=== Begin Enclosure ===

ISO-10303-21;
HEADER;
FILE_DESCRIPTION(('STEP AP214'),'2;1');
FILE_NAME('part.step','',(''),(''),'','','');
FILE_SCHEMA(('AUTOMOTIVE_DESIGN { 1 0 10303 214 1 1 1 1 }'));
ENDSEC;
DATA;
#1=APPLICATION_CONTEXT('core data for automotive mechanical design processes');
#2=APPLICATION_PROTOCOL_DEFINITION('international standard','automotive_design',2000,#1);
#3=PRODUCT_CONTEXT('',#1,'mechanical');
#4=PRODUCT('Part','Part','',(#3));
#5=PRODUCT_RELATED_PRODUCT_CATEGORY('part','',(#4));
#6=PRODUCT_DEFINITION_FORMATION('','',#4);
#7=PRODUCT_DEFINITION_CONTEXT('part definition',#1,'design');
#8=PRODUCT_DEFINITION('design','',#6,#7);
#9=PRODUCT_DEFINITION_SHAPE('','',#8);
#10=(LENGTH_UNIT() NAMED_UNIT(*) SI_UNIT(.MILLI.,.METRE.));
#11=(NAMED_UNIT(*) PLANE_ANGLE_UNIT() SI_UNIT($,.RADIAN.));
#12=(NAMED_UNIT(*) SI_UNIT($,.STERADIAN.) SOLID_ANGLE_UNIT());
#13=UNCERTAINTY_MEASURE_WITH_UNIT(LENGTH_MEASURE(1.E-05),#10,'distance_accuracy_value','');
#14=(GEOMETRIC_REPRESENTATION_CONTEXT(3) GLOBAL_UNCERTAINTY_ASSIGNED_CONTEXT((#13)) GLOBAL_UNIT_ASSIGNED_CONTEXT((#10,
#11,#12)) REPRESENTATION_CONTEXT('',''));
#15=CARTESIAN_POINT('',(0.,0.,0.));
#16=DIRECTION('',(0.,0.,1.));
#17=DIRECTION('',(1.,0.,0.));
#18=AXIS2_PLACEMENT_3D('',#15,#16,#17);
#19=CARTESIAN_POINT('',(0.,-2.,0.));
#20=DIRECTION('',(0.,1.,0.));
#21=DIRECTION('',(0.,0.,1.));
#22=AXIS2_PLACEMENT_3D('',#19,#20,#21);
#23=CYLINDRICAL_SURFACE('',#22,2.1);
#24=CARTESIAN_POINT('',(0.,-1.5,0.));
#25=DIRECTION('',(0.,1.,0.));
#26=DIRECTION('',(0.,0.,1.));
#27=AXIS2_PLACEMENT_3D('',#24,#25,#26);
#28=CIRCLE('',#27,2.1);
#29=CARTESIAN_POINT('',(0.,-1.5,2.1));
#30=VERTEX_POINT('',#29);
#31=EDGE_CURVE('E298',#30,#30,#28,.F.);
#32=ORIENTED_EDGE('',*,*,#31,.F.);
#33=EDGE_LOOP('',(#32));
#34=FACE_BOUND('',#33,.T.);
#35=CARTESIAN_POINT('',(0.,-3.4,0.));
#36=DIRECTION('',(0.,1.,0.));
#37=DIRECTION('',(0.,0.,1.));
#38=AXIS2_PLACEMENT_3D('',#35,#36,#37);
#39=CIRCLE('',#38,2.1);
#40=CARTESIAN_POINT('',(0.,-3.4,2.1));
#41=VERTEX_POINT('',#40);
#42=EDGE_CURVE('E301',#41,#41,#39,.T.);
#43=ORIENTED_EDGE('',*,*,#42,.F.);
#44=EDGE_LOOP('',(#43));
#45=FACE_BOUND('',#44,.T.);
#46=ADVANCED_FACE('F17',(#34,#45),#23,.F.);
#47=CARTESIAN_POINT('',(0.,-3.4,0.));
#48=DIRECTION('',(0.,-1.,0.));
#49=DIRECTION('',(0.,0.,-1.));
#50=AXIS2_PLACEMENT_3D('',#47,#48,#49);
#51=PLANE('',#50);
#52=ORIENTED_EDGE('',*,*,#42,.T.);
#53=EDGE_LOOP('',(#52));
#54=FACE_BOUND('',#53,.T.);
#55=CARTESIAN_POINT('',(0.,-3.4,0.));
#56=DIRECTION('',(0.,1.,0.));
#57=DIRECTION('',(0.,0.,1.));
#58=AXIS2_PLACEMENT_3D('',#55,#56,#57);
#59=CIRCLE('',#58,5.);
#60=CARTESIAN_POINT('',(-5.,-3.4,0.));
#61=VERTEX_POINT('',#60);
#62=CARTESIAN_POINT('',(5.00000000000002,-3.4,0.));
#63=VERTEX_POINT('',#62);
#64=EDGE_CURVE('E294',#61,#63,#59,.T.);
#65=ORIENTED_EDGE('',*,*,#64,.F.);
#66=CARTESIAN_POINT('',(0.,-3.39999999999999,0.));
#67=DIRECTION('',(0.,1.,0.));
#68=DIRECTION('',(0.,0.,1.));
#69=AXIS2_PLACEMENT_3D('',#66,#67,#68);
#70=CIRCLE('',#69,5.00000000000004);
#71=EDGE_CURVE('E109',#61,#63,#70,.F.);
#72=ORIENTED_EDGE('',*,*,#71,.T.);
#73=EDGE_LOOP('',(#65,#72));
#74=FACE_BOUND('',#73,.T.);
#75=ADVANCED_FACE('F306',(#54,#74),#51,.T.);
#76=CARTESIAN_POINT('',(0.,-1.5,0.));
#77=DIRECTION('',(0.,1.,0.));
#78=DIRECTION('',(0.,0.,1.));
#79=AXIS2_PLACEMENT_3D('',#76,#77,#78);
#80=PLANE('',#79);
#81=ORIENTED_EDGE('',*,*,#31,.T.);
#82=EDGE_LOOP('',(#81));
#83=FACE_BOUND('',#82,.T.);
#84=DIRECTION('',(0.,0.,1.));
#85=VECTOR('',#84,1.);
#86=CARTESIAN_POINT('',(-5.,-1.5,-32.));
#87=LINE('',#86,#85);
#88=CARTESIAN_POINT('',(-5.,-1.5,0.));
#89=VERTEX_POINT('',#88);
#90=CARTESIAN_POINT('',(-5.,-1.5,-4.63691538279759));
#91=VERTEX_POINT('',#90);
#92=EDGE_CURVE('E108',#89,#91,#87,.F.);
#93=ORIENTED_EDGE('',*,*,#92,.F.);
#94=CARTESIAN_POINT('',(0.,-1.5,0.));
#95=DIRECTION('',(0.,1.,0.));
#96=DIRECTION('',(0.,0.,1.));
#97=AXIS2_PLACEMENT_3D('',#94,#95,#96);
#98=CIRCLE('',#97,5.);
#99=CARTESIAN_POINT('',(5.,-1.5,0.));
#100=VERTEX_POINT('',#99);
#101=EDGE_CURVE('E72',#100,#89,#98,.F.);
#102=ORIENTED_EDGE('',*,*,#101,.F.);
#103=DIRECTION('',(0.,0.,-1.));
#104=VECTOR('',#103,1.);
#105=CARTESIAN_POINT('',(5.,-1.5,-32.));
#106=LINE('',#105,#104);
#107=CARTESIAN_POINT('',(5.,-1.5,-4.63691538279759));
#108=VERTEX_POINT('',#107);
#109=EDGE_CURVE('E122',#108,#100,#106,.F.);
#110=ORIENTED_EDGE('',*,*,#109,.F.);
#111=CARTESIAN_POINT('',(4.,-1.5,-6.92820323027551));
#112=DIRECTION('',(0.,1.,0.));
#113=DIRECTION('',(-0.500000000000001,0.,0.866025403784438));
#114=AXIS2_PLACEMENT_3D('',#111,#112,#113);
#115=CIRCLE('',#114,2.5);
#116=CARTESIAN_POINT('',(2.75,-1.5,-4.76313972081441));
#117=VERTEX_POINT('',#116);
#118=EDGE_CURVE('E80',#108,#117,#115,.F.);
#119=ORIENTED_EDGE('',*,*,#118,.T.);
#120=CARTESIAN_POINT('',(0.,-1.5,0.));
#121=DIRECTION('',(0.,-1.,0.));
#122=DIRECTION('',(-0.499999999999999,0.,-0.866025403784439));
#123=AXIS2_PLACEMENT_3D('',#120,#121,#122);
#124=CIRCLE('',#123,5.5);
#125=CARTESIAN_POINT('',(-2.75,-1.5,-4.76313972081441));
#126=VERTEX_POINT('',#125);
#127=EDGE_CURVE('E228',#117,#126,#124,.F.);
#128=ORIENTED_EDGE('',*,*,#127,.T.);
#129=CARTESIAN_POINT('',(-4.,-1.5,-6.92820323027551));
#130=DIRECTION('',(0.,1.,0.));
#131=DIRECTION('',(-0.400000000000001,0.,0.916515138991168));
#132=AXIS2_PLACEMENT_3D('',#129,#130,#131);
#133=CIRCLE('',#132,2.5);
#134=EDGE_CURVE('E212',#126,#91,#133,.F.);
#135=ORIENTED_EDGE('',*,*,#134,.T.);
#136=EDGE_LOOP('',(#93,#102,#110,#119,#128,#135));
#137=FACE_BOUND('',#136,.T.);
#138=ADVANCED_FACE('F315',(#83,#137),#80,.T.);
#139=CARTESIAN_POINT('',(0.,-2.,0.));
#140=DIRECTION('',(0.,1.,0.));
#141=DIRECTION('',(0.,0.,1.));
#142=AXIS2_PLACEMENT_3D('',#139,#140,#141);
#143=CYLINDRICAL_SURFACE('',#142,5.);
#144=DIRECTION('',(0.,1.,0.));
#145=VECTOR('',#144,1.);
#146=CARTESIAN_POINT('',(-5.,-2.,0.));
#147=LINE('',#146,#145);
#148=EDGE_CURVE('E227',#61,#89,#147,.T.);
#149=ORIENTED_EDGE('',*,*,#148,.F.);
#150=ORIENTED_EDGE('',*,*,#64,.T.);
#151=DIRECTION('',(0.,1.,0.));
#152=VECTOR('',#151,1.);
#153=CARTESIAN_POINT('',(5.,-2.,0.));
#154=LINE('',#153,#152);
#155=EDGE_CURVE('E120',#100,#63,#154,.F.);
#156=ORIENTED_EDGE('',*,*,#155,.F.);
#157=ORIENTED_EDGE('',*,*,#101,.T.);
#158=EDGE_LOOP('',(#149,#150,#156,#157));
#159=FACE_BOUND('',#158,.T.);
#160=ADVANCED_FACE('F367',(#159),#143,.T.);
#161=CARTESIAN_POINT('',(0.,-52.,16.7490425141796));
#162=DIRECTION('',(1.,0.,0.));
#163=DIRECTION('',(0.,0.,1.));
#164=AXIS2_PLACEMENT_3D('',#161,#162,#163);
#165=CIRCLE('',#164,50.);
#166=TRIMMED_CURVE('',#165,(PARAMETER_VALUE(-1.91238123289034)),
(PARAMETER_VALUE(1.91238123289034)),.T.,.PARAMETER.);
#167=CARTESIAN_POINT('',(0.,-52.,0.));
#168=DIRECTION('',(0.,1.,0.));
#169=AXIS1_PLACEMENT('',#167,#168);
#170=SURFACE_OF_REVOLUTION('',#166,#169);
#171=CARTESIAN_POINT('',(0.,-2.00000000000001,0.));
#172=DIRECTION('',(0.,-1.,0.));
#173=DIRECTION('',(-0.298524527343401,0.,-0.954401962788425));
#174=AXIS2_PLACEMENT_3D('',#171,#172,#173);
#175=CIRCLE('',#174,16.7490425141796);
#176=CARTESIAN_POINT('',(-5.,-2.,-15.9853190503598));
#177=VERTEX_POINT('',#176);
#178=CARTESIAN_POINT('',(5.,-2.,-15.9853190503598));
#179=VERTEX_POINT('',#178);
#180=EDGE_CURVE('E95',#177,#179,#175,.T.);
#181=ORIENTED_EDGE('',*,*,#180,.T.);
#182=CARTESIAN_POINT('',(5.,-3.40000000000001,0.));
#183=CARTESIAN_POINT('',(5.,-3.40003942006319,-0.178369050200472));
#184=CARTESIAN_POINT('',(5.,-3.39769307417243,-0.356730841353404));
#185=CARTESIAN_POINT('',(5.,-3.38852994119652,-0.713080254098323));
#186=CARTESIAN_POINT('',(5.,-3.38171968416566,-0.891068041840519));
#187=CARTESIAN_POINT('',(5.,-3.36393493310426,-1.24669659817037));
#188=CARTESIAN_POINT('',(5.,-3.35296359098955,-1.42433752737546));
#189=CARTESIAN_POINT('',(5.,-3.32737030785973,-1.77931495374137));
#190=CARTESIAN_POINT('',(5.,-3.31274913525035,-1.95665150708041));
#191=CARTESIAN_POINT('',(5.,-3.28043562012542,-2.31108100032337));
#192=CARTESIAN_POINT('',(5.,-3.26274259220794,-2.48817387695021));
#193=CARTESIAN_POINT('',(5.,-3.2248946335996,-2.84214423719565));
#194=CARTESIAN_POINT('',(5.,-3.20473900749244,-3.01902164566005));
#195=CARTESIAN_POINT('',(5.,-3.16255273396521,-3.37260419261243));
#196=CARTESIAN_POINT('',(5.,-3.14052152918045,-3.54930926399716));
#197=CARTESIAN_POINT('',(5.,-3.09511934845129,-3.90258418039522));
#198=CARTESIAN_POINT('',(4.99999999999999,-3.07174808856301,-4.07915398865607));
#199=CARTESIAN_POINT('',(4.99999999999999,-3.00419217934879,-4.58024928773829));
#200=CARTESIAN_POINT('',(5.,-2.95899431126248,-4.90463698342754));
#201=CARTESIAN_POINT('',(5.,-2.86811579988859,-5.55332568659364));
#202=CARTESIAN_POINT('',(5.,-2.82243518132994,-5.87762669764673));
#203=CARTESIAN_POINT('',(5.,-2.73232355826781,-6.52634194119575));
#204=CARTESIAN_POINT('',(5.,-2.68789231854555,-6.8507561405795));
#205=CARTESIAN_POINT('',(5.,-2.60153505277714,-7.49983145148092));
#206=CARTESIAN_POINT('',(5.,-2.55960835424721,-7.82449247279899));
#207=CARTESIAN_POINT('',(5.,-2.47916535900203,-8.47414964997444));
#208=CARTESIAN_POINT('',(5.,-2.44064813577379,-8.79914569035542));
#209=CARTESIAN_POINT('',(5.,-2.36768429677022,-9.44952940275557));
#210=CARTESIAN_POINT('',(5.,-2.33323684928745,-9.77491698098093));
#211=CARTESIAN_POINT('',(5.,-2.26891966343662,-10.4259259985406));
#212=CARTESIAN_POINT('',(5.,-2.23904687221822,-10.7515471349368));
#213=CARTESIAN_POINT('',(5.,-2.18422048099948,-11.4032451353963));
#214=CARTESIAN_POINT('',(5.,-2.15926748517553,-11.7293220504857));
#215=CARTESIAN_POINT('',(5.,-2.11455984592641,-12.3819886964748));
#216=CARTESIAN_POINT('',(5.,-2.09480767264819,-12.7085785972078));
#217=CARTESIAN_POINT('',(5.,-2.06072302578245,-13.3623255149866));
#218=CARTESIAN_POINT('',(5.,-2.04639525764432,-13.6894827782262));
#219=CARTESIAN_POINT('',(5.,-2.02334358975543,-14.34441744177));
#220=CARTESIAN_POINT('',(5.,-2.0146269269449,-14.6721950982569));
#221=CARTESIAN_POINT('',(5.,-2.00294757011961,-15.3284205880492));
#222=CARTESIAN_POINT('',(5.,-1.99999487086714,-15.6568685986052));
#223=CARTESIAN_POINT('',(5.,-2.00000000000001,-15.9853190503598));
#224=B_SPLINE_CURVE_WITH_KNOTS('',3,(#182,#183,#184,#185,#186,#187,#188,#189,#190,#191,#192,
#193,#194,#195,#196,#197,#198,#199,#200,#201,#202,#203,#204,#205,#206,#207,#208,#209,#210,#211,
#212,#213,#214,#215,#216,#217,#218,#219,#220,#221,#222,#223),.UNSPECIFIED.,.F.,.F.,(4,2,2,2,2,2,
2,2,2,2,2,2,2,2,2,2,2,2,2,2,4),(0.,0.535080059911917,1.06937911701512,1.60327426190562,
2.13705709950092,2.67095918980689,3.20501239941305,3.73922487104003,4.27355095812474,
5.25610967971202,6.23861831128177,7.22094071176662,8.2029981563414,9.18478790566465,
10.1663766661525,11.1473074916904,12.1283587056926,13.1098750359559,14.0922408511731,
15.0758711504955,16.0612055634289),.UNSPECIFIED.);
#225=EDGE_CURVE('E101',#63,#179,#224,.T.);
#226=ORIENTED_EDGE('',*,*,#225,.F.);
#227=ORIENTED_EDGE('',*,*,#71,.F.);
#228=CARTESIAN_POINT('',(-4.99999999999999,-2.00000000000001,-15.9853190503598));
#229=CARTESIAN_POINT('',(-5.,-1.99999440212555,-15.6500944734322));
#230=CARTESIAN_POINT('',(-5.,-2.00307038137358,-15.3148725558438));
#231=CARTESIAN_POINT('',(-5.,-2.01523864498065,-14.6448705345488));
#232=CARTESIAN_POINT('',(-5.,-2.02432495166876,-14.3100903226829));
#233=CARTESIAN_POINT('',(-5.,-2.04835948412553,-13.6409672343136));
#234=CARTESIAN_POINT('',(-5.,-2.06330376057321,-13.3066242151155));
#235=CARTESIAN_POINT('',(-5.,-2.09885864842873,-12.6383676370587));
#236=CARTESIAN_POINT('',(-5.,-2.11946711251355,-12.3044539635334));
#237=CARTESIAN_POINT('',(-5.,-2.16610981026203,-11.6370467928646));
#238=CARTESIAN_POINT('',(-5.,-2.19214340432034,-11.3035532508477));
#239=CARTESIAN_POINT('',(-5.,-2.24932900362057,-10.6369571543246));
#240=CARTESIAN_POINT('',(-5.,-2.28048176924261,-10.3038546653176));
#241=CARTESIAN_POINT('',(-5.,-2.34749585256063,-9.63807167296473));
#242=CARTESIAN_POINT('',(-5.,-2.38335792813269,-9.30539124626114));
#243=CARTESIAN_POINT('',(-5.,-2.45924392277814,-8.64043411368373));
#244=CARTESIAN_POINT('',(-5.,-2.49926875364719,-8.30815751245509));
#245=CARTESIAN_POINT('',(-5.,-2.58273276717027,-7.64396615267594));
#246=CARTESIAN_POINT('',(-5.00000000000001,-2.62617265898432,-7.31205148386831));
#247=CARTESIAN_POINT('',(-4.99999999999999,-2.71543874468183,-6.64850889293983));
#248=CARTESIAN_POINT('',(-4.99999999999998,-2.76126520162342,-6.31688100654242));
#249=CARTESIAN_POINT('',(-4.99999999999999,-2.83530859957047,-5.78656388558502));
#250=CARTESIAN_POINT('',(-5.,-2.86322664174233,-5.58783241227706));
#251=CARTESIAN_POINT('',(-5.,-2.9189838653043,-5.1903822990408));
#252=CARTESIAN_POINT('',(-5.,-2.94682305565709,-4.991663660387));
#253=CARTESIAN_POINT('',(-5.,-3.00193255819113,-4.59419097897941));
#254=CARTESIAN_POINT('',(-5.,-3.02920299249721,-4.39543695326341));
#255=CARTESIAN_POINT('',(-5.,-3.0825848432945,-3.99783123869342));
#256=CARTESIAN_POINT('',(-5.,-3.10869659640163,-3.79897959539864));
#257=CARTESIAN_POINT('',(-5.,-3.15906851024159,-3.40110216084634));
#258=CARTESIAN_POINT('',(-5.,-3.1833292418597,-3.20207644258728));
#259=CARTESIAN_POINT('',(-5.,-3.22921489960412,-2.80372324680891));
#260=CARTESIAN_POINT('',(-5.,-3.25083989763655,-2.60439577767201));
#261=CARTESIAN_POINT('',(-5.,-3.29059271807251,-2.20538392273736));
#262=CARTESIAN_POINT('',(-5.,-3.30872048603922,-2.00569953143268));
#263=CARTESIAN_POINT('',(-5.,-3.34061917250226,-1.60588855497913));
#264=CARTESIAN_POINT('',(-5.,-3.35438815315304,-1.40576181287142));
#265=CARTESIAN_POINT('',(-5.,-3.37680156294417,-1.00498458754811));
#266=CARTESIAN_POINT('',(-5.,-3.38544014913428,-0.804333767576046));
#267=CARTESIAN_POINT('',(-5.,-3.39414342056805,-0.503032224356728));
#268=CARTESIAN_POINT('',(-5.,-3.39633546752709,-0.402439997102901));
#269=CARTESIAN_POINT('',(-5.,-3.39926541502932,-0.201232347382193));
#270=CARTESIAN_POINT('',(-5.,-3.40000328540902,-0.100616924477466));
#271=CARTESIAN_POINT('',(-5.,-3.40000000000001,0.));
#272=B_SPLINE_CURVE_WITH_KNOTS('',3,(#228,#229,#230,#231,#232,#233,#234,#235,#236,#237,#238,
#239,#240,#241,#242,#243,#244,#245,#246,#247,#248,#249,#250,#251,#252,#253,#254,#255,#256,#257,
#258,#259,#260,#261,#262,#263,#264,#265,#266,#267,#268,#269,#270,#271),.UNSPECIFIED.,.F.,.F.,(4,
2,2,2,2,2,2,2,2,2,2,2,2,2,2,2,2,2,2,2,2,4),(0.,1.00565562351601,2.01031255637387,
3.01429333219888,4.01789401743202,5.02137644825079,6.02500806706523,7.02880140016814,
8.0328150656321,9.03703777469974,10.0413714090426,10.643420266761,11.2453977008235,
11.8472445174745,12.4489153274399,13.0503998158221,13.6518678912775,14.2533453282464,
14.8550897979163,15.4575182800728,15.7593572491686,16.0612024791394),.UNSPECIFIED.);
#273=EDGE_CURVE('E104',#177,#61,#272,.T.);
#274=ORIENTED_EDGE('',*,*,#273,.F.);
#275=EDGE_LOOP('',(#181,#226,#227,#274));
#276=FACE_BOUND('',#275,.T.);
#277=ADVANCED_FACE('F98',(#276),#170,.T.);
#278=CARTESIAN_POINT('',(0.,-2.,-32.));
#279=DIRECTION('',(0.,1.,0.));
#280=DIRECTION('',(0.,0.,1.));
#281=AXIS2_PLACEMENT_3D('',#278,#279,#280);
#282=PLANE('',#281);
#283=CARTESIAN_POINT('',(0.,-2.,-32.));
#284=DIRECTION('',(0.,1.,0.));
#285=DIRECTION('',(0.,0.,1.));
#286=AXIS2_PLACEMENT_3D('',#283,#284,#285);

=== End Enclosure ===

Work to complete
One stretch of the lines above is wanted, from the line that contains "#112=DIRECTION('',(0.,1.,0.));" through the line that contains "#142=AXIS2_PLACEMENT_3D('',#139,#140,#141);". Output it exactly.

Response box
#112=DIRECTION('',(0.,1.,0.));
#113=DIRECTION('',(-0.500000000000001,0.,0.866025403784438));
#114=AXIS2_PLACEMENT_3D('',#111,#112,#113);
#115=CIRCLE('',#114,2.5);
#116=CARTESIAN_POINT('',(2.75,-1.5,-4.76313972081441));
#117=VERTEX_POINT('',#116);
#118=EDGE_CURVE('E80',#108,#117,#115,.F.);
#119=ORIENTED_EDGE('',*,*,#118,.T.);
#120=CARTESIAN_POINT('',(0.,-1.5,0.));
#121=DIRECTION('',(0.,-1.,0.));
#122=DIRECTION('',(-0.499999999999999,0.,-0.866025403784439));
#123=AXIS2_PLACEMENT_3D('',#120,#121,#122);
#124=CIRCLE('',#123,5.5);
#125=CARTESIAN_POINT('',(-2.75,-1.5,-4.76313972081441));
#126=VERTEX_POINT('',#125);
#127=EDGE_CURVE('E228',#117,#126,#124,.F.);
#128=ORIENTED_EDGE('',*,*,#127,.T.);
#129=CARTESIAN_POINT('',(-4.,-1.5,-6.92820323027551));
#130=DIRECTION('',(0.,1.,0.));
#131=DIRECTION('',(-0.400000000000001,0.,0.916515138991168));
#132=AXIS2_PLACEMENT_3D('',#129,#130,#131);
#133=CIRCLE('',#132,2.5);
#134=EDGE_CURVE('E212',#126,#91,#133,.F.);
#135=ORIENTED_EDGE('',*,*,#134,.T.);
#136=EDGE_LOOP('',(#93,#102,#110,#119,#128,#135));
#137=FACE_BOUND('',#136,.T.);
#138=ADVANCED_FACE('F315',(#83,#137),#80,.T.);
#139=CARTESIAN_POINT('',(0.,-2.,0.));
#140=DIRECTION('',(0.,1.,0.));
#141=DIRECTION('',(0.,0.,1.));
#142=AXIS2_PLACEMENT_3D('',#139,#140,#141);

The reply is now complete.